Speaking of fancy food that's not really very healthy, I thought the first lawsuit noted here might amuse you: http://abasalagandfood.wordpress.com/2011/09/01/in-re-ferrero-litigation-and-pom-wonderful-v-ocean-spray-cranberries/
PG,
I'm going to refer to two remarks I already made above: that I don't agree with you on the strategic benefit to Bruni's approach, and that I think we have to agree to disagree on this one. If that makes me a "liberal loser type," so be it.
I would, however, be curious to see your thoughts on David Lebovitz-channelling-Alice Waters, on how it's good to leave a restaurant still hungry.
I think Lebovitz sets up a silly false dilemma: either your stomach is distended OR you're still hungry. The portions typical in a lot of middle America (including and perhaps especially Texas) are aimed at distending your stomach, and these are excessive. But of course anyone to whom David Lebovitz talks is not eating at Goode's BBQ, she's eating somewhere like 11 Madison Park, where your stomach can only get distended if you order about 5 courses. I think the amount of food you get at the typical NYC restaurant during Restaurant Week is just about the right amount. You go in hungry, you leave satisfied but not needing to go to sleep (which is the effect that epic multi-course meals like Ko's have). If I leave a restaurant hungry, it's because they've screwed me on the amount of food I'm given for the money; i.e. I expected to spend about $30++, and that was only enough to buy two "small plates."
I tried a dinner at Chez Panisse last summer and was severely disappointed. I felt cheated -- the beef entree was tough and chewy, and when I responded honestly to the inquiry about the food by pointing this out, the waiter said, "Oh, that's because of the cut of meat." OK, maybe some people like that cut, but if you're serving the same set menu to *everyone*, perhaps you could do something of a more general popularity. The dessert and the wine were good, though. I didn't leave the restaurant hungry, but my husband who's a foot taller did. The experience was a severe blow to his faith in my ability to pick restaurants.
PG,
"I think Lebovitz sets up a silly false dilemma: either your stomach is distended OR you're still hungry."

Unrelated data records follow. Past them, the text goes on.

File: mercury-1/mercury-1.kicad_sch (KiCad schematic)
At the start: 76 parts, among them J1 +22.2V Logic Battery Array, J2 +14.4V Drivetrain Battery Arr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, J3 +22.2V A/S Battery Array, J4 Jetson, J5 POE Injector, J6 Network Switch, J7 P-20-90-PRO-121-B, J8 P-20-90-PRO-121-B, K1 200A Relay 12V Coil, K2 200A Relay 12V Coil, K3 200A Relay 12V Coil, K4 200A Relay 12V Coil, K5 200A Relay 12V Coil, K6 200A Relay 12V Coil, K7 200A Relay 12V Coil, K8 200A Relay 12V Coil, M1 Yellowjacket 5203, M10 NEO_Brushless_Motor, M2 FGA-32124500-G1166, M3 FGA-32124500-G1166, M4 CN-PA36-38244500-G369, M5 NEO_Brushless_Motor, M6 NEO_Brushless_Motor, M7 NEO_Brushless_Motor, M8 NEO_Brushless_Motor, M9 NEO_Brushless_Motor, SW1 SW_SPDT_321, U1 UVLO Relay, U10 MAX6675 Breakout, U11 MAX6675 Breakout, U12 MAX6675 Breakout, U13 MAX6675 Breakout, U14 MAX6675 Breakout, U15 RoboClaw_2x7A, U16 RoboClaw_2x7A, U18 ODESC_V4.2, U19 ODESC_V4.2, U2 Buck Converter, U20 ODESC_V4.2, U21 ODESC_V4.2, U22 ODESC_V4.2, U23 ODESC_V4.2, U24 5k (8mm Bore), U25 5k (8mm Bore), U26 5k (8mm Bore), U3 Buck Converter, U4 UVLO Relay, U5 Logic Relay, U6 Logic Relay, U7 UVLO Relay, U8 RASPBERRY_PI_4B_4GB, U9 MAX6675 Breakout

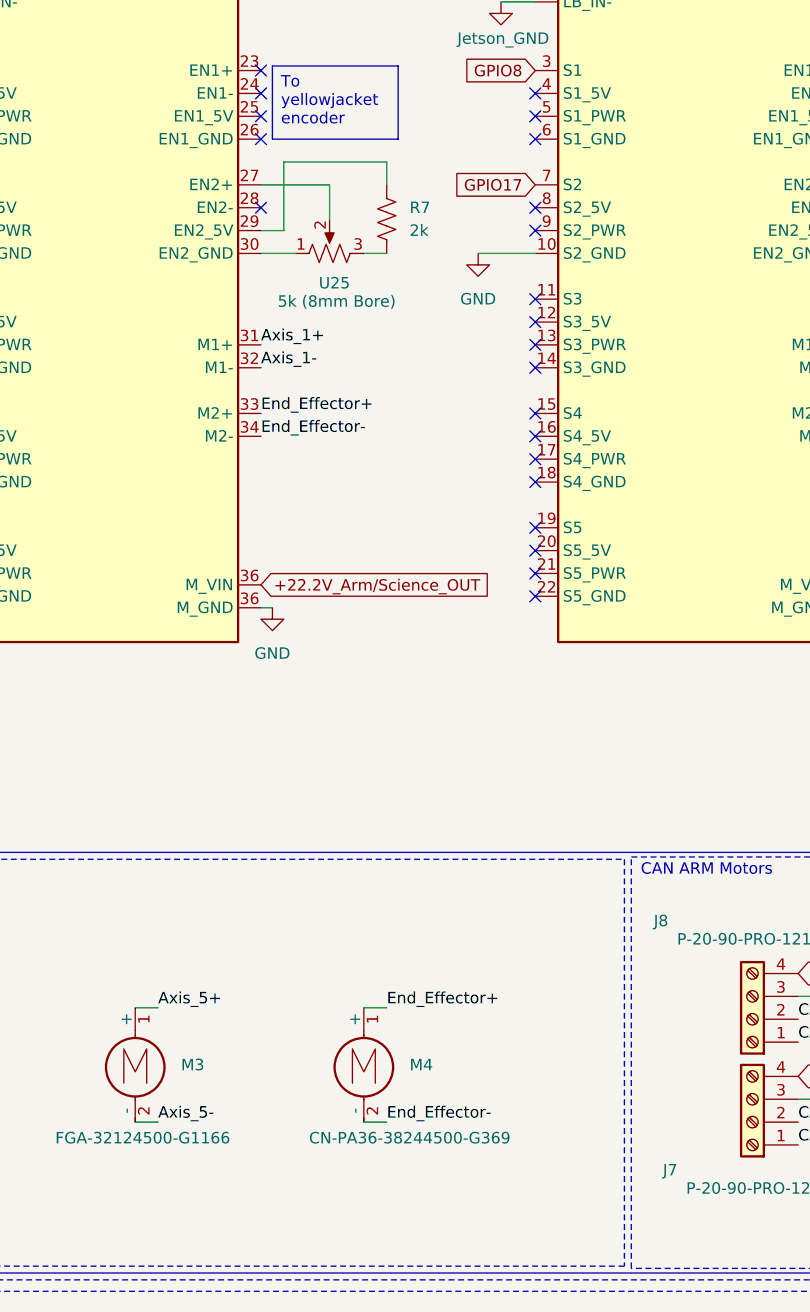
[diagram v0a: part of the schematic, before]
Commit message: changed end effector yo yellowjacket
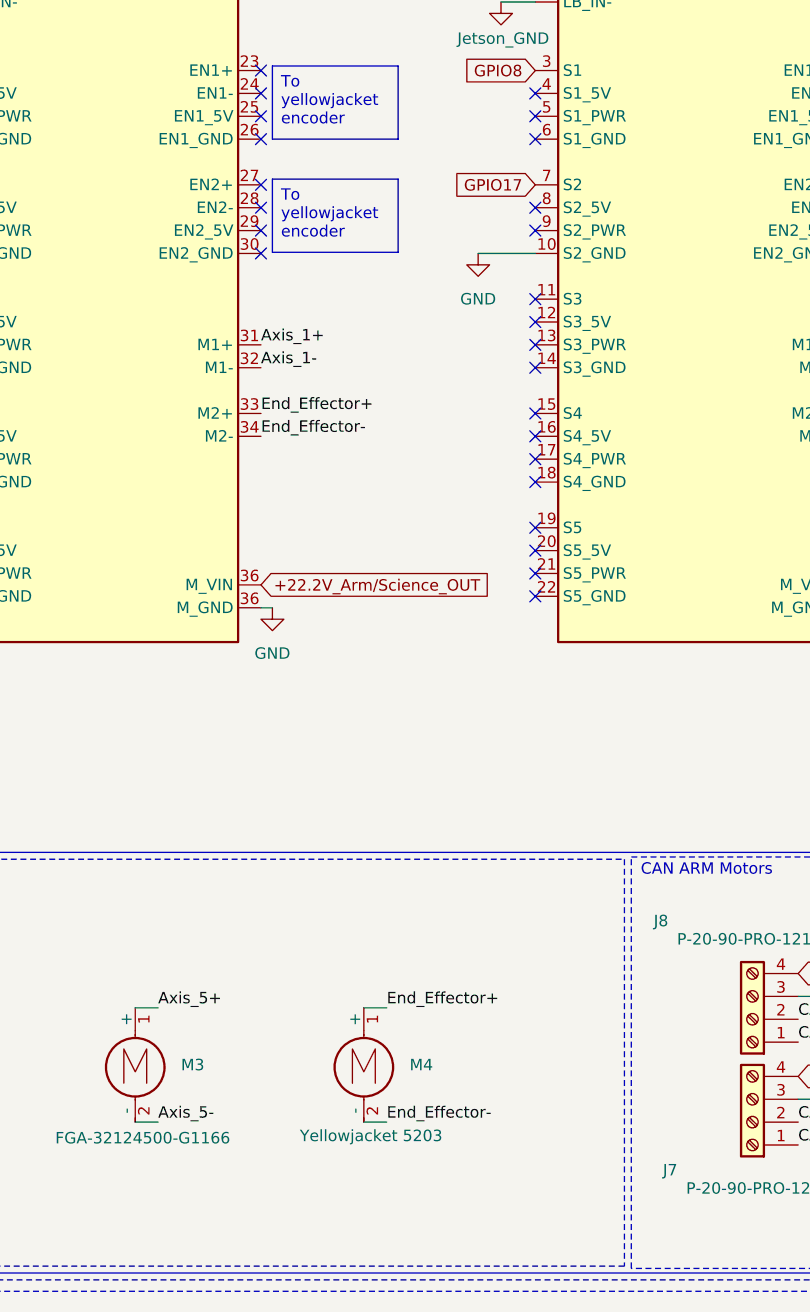
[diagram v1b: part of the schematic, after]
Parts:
- removed M4: CN-PA36-38244500-G369, symbol logic_board:CN-PA36-38244500-G369
- removed R7: 2k, symbol Device:R_US
- removed U25: 5k (8mm Bore), symbol logic_board:NP32HS
- added M4: Yellowjacket 5203, symbol logic_board:Yellowjacket 5203
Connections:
- net End_Effector+: now also M4.1 (+)
- net End_Effector-: now also M4.2 (-)
- no-connect marks 133 -> 136
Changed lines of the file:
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@@
 		)
 	)
+	(text_box "To yellowjacket encoder"
+		(exclude_from_sim no)
+		(at 184.15 283.845 0)
+		(size 13.97 8.128)
+		(margins 0.9525 0.9525 0.9525 0.9525)
+		(stroke
+			(width 0)
+			(type solid)
+		)
+		(fill
+			(type none)
+		)
+		(effects
+			(font
+				(size 1.27 1.27)
+			)
+			(justify left top)
+		)
+	)
 	(text_box "Use this guide to wire using Pyserial"
 		(exclude_from_sim no)
@@
 	)
 	(no_connect
+		(at 182.88 284.48)
+	)
+	(no_connect
 		(at 527.05 254)
 	)
@@
 	)
 	(no_connect
+		(at 182.88 289.56)
+	)
+	(no_connect
 		(at 496.57 212.09)
 	)
@@
 	)
 	(no_connect
+		(at 182.88 292.1)
+	)
+	(no_connect
 		(at 73.025 294.64)
 	)
@@
 		)
 	)
-	(wire
-		(pts
-			(xy 182.88 292.1) (xy 186.69 292.1)
-		)
-		(stroke
-			(width 0)
-			(type default)
-		)
-	)
 	(polyline
 		(pts
@@
 	(wire
 		(pts
-			(xy 182.88 289.56) (xy 185.42 289.56)
-		)
-		(stroke
-			(width 0)
-			(type default)
-		)
-	)
-	(wire
-		(pts
 			(xy 50.8 379.73) (xy 66.04 379.73)
 		)
@@
 	(wire
 		(pts
-			(xy 185.42 281.94) (xy 196.85 281.94)
-		)
-		(stroke
-			(width 0)
-			(type default)
-		)
-	)
-	(wire
-		(pts
 			(xy 199.39 173.99) (xy 208.28 173.99)
 		)
@@
 	(wire
 		(pts
-			(xy 194.31 292.1) (xy 196.85 292.1)
-		)
-		(stroke
-			(width 0)
-			(type default)
-		)
-	)
-	(wire
-		(pts
 			(xy 208.28 66.04) (xy 208.28 81.28)
 		)
@@
 	(wire
 		(pts
-			(xy 190.5 288.29) (xy 190.5 284.48)
-		)
-		(stroke
-			(width 0)
-			(type default)
-		)
-	)
-	(wire
-		(pts
-			(xy 185.42 281.94) (xy 185.42 289.56)
-		)
-		(stroke
-			(width 0)
-			(type default)
-		)
-	)
-	(wire
-		(pts
 			(xy 393.7 30.48) (xy 393.7 33.02)
 		)
@@
 	(wire
 		(pts
-			(xy 190.5 284.48) (xy 182.88 284.48)
-		)
-		(stroke
-			(width 0)
-			(type default)
-		)
-	)
-	(wire
-		(pts
 			(xy 251.46 269.24) (xy 251.46 276.86)
 		)
@@
 	(wire
 		(pts
-			(xy 196.85 281.94) (xy 196.85 284.48)
-		)
-		(stroke
-			(width 0)
-			(type default)
-		)
-	)
-	(wire
-		(pts
 			(xy 248.92 289.56) (xy 251.46 289.56)
 		)
@@
 	)
 	(symbol
+		(lib_id "logic_board:Yellowjacket 5203")
+		(at 194.31 381 0)
+		(unit 1)
+		(exclude_from_sim no)
+		(in_bom yes)
+		(on_board yes)
+		(dnp no)
+		(property "Reference" "M4"
+			(at 199.39 382.2699 0)
+			(effects
+				(font
+					(size 1.27 1.27)
+				)
+				(justify left)
+			)
+		)
+		(property "Value" "Yellowjacket 5203"
+			(at 187.198 390.144 0)
+			(effects
+				(font
+					(size 1.27 1.27)
+				)
+				(justify left)
+			)
+		)
+		(property "Footprint" ""
+			(at 194.31 383.286 0)
+			(effects
+				(font
+					(size 1.27 1.27)
+				)
+				(hide yes)
+			)
+		)
+		(property "Datasheet" "https://www.gobilda.com/5203-series-yellow-jacket-planetary-gear-motor-19-2-1-ratio-24mm-length-8mm-rex-shaft-312-rpm-3-3-5v-encoder/?srsltid=AfmBOop0hJPw3SFHkwtuK_eQ_aN3VPcP46iypOMregJbB3z72pbZtZjr"
+			(at 194.31 383.286 0)
+			(effects
+				(font
+					(size 1.27 1.27)
+				)
+				(hide yes)
+			)
+		)
+		(property "Description" "Yellowjacket 5203"
+			(at 194.31 381 0)
+			(effects
+				(font
+					(size 1.27 1.27)
+				)
+				(hide yes)
+			)
+		)
+		(pin "1"
+		)
+		(pin "2"
+		)
+		(instances
+			(project "mercury-1"
+				(path "/1b548578-061f-412b-9a17-10125f836cd9"
+					(reference "M4")
+					(unit 1)
+				)
+			)
+		)
+	)
+	(symbol
 		(lib_id "logic_board:MAX6675_Breakout")
 		(at 285.75 176.53 0)
@@
 	)
 	(symbol
-		(lib_id "logic_board:NP32HS")
-		(at 190.5 292.1 90)
-		(unit 1)
-		(exclude_from_sim no)
-		(in_bom yes)
-		(on_board yes)
-		(dnp no)
-		(property "Reference" "U25"
-			(at 192.786 295.402 90)
-			(effects
-				(font
-					(size 1.27 1.27)
-				)
-				(justify left)
-			)
-		)
-		(property "Value" "5k (8mm Bore)"
-			(at 197.866 297.434 90)
-			(effects
-				(font
-					(size 1.27 1.27)
-				)
-				(justify left)
-			)
-		)
-		(property "Footprint" ""
-			(at 190.5 292.1 0)
-			(effects
-				(font
-					(size 1.27 1.27)
-				)
-				(hide yes)
-			)
-		)
-		(property "Datasheet" "https://p3america.com/np32hs-series/?searchid=67683&search_query=RH24PC+Series+8mm"
-			(at 190.5 291.846 0)
-			(effects
-				(font
-					(size 1.27 1.27)
-				)
-				(hide yes)
-			)
-		)
-		(property "Description" "5k (8mm Bore)"
-			(at 190.5 292.1 0)
-			(effects
-				(font
-					(size 1.27 1.27)
-				)
-				(hide yes)
-			)
-		)
-		(pin "2"
-		)
-		(pin "1"
-		)
-		(pin "3"
-		)
-		(instances
-			(project ""
-				(path "/1b548578-061f-412b-9a17-10125f836cd9"
-					(reference "U25")
-					(unit 1)
-				)
-			)
-		)
-	)
-	(symbol
 		(lib_id "logic_board:P-17-80-PRO-51-B")
 		(at 237.49 388.62 180)
@@
 	)
 	(symbol
-		(lib_id "Device:R_US")
-		(at 196.85 288.29 0)
-		(unit 1)
-		(exclude_from_sim no)
-		(in_bom yes)
-		(on_board yes)
-		(dnp no)
-		(fields_autoplaced yes)
-		(property "Reference" "R7"
-			(at 199.39 287.0199 0)
-			(effects
-				(font
-					(size 1.27 1.27)
-				)
-				(justify left)
-			)
-		)
-		(property "Value" "2k"
-			(at 199.39 289.5599 0)
-			(effects
-				(font
-					(size 1.27 1.27)
-				)
-				(justify left)
-			)
-		)
-		(property "Footprint" ""
-			(at 197.866 288.544 90)
-			(effects
-				(font
-					(size 1.27 1.27)
-				)
-				(hide yes)
-			)
-		)
-		(property "Datasheet" "~"
-			(at 196.85 288.29 0)
-			(effects
-				(font
-					(size 1.27 1.27)
-				)
-				(hide yes)
-			)
-		)
-		(property "Description" "Resistor, US symbol"
-			(at 196.85 288.29 0)
-			(effects
-				(font
-					(size 1.27 1.27)
-				)
-				(hide yes)
-			)
-		)
-		(pin "2"
-		)
-		(pin "1"
-		)
-		(instances
-			(project ""
-				(path "/1b548578-061f-412b-9a17-10125f836cd9"
-					(reference "R7")
-					(unit 1)
-				)
-			)
-		)
-	)
-	(symbol
 		(lib_id "power:GND")
 		(at 250.19 331.47 0)
@@
 					(unit 1)
 				)
-			)
-		)
-	)
-	(symbol
-		(lib_id "logic_board:CN-PA36-38244500-G369")
-		(at 194.31 381 0)
-		(unit 1)
-		(exclude_from_sim no)
-		(in_bom yes)
-		(on_board yes)
-		(dnp no)
-		(property "Reference" "M4"
-			(at 199.39 382.2699 0)
-			(effects
-				(font
-					(size 1.27 1.27)
-				)
-				(justify left)
-			)
-		)
-		(property "Value" "CN-PA36-38244500-G369"
-			(at 188.214 390.398 0)
-			(effects
-				(font
-					(size 1.27 1.27)
-				)
-				(justify left)
-			)
-		)
-		(property "Footprint" ""
-			(at 194.31 383.286 0)
-			(effects
-				(font
-					(size 1.27 1.27)
-				)
-				(hide yes)
-			)
-		)
-		(property "Datasheet" "https://www.omc-stepperonline.com/brushed-24v-dc-gear-motor-30kg-cm-8-9rpm-w-369-1-planetary-gearbox-pa36-38244500-g369"
-			(at 194.31 383.286 0)
-			(effects
-				(font
-					(size 1.27 1.27)
-				)
-				(hide yes)
-			)
-		)
-		(property "Description" "CN-PA36-38244500-G369"
-			(at 194.31 381 0)
-			(effects
-				(font
-					(size 1.27 1.27)
-				)
-				(hide yes)
-			)
-		)
-		(pin "1"
-		)
-		(pin "2"
-		)
-		(instances
-			(project ""
-				(path "/1b548578-061f-412b-9a17-10125f836cd9"
-					(reference "M4")
-					(unit 1)
-				)

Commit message: Updated Roboclaw wiring and arm connectors.
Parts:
- removed BT2, BT6: +22.2v 10Ah, symbol Device:Battery
- removed J7: P-20-90-PRO-121-B, symbol logic_board:P-17-80-PRO-51-B
- removed J8: P-20-90-PRO-121-B, symbol logic_board:P-20-90-PRO-121-B
- removed R1, R2, R3, R4, R5, R6: 2 (50W), symbol Device:R_US
- removed U26: 5k (8mm Bore), symbol logic_board:NP32HS
- added J10, J11, J12, J13, J8, J9: Andersen Connector, symbol Connector:Screw_Terminal_01x02
- added J14: DB25 Encoder Harness, symbol Connector:DB25_Pins
- added J15: P-20-90-PRO-121-B, symbol Connector:Screw_Terminal_01x02
- added J16: RJ-45 Bulkhead, Connector_RJ:RJ45_Bel_V895-1001-AW_Vertical, symbol logic_board:RJ45_Bel_V895-1001-AW
- added J17: USB_Bulkhead, symbol logic_board:USB_Bulkhead
- added J7: P-17-80-PRO-121-B, symbol Connector:Screw_Terminal_01x02
- added R7: 7.5k, symbol Device:R_US
- added U17: 5k (8mm Bore), symbol logic_board:NP32HS
- R8: value 2k -> 7.5k
- R9: value 2k -> 120
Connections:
- net Axis_1+: now also J11.1 (Pin_1)
- net Axis_1-: now also J11.2 (Pin_2)
- net Axis_4+: now also J9.1 (Pin_1)
- net Axis_4-: now also J9.2 (Pin_2)
- net Axis_5+: now also J10.1 (Pin_1)
- net Axis_5-: now also J10.2 (Pin_2)
- net CAN_H_ARM: now also R9.1, R9.2, J14.21 (P21), J14.9, J15.1 (Pin_1), J15.2 (Pin_2), J7.1 (Pin_1), J7.2 (Pin_2)
- net End_Effector+: now also J12.1 (Pin_1)
- net End_Effector-: now also J12.2 (Pin_2)
- net GND: now also J13.1 (Pin_1), J13.2 (Pin_2)
- net Jetson_+5V: now also U15.1 (LB_IN+), U16.1 (LB_IN+)
- net PI_+5V: no longer U15.1 (LB_IN+), U16.1 (LB_IN+)
- net axis5_PU: now reaches U15.29 (EN2_5V)
- net axis5_PU: now also J14.19 (P19), R7.2; no longer R9.1
- net axis1_CHA: now reaches U16.23 (EN1+)
- net axis1_CHA: now also U16.24 (EN1-), J14.24 (P24)
- net axis1_5V: now reaches U16.25 (EN1_5V)
- net axis1_5V: now also J14.25 (P25)
- net axis1_GND: now reaches U16.26 (EN1_GND)
- net axis1_GND: now also J14.13
- net EF_CHA: now reaches U16.27 (EN2+)
- net EF_CHA: now also J14.22 (P22)
- net EF_CHB: now reaches U16.28 (EN2-)
- net EF_CHB: now also J14.10
- net EF_5V: now reaches U16.29 (EN2_5V)
- net EF_5V: now also J14.23 (P23)
- net EF_GND: now reaches U16.30 (EN2_GND)
- net EF_GND: now also J14.11
- net axis4_AO: now reaches U15.23 (EN1+), U24.2
- net axis4_AO: now also J14.20 (P20)
- net at R8.1: now also U24.3; no longer U15.25 (EN1_5V)
- net axis4_E_GND: now reaches U15.26 (EN1_GND), U24.1
- net axis4_E_GND: now also J14.7
- net axis5_AO: now reaches U15.27 (EN2+)
- net axis5_AO: now also J14.6, U17.2
- net axis5_E_GND: now reaches U15.30 (EN2_GND)
- net axis5_E_GND: now also J14.18 (P18), U17.1
- net axis4_PU: now reaches R8.2
- net axis4_PU: now also U15.25 (EN1_5V), J14.8; no longer U24.3
- removed net +22.2V_Arm/Science_OUT: K8.13, U15.36 (M_GND), U16.36 (M_GND)
- new net: R7.1, U17.3
- new net +22.2V_A/S_OUT: J8.1 (Pin_1), J8.2 (Pin_2), K8.13, U15.36 (M_GND), U16.36 (M_GND)
- new net axis1_CHB: J14.12
- no-connect marks 136 -> 149
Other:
- note added: "Analog Encoders for Axis 4,5"
- note added: "Axis 1,4,5 and EF"
- note added: "CAN ARM Motors (Axis 2,3)"
- note added: "Debug"
- note added: "Front Bulkhead Connectors for Arm/Science"
- note removed: "Axis 1,2,3,4,5 and End Effector"
- note removed: "CAN ARM Motors"
- moved on the sheet: BT1, BT5, R8, U15, U16, U24

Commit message: Updates
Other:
- note removed: "Science"
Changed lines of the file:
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@@
-	)
-	(rectangle
-		(start 426.72 13.97)
-		(end 581.66 138.43)
-		(stroke
-			(width 0)
-			(type dash)
-		)
-		(fill
-			(type none)
-		)
 	)
 	(rectangle
@@
 		)
 	)
-	(text "Science"
-		(exclude_from_sim no)
-		(at 430.784 15.494 0)
-		(effects
-			(font
-				(size 1.27 1.27)
-			)
-		)
-	)

Silly, but it's not unique to him. The idea that dining out should really be about drinking/socializing/admiring a tiny dollop of foam on a giant plate is basically an upper-class notion, a way of distinguishing one's self from the hearty middle classes, who like a square meal and feel ripped off if they don't get one. It's not even (just) about rejecting make-you-ill massive portions, it's also about rejecting a traditional well-rounded dinner like grandma used to make.
And chewy beef, yuck. This was my punishment recently for picking the less expensive (but still expensive!) cut of steak at Whole Foods.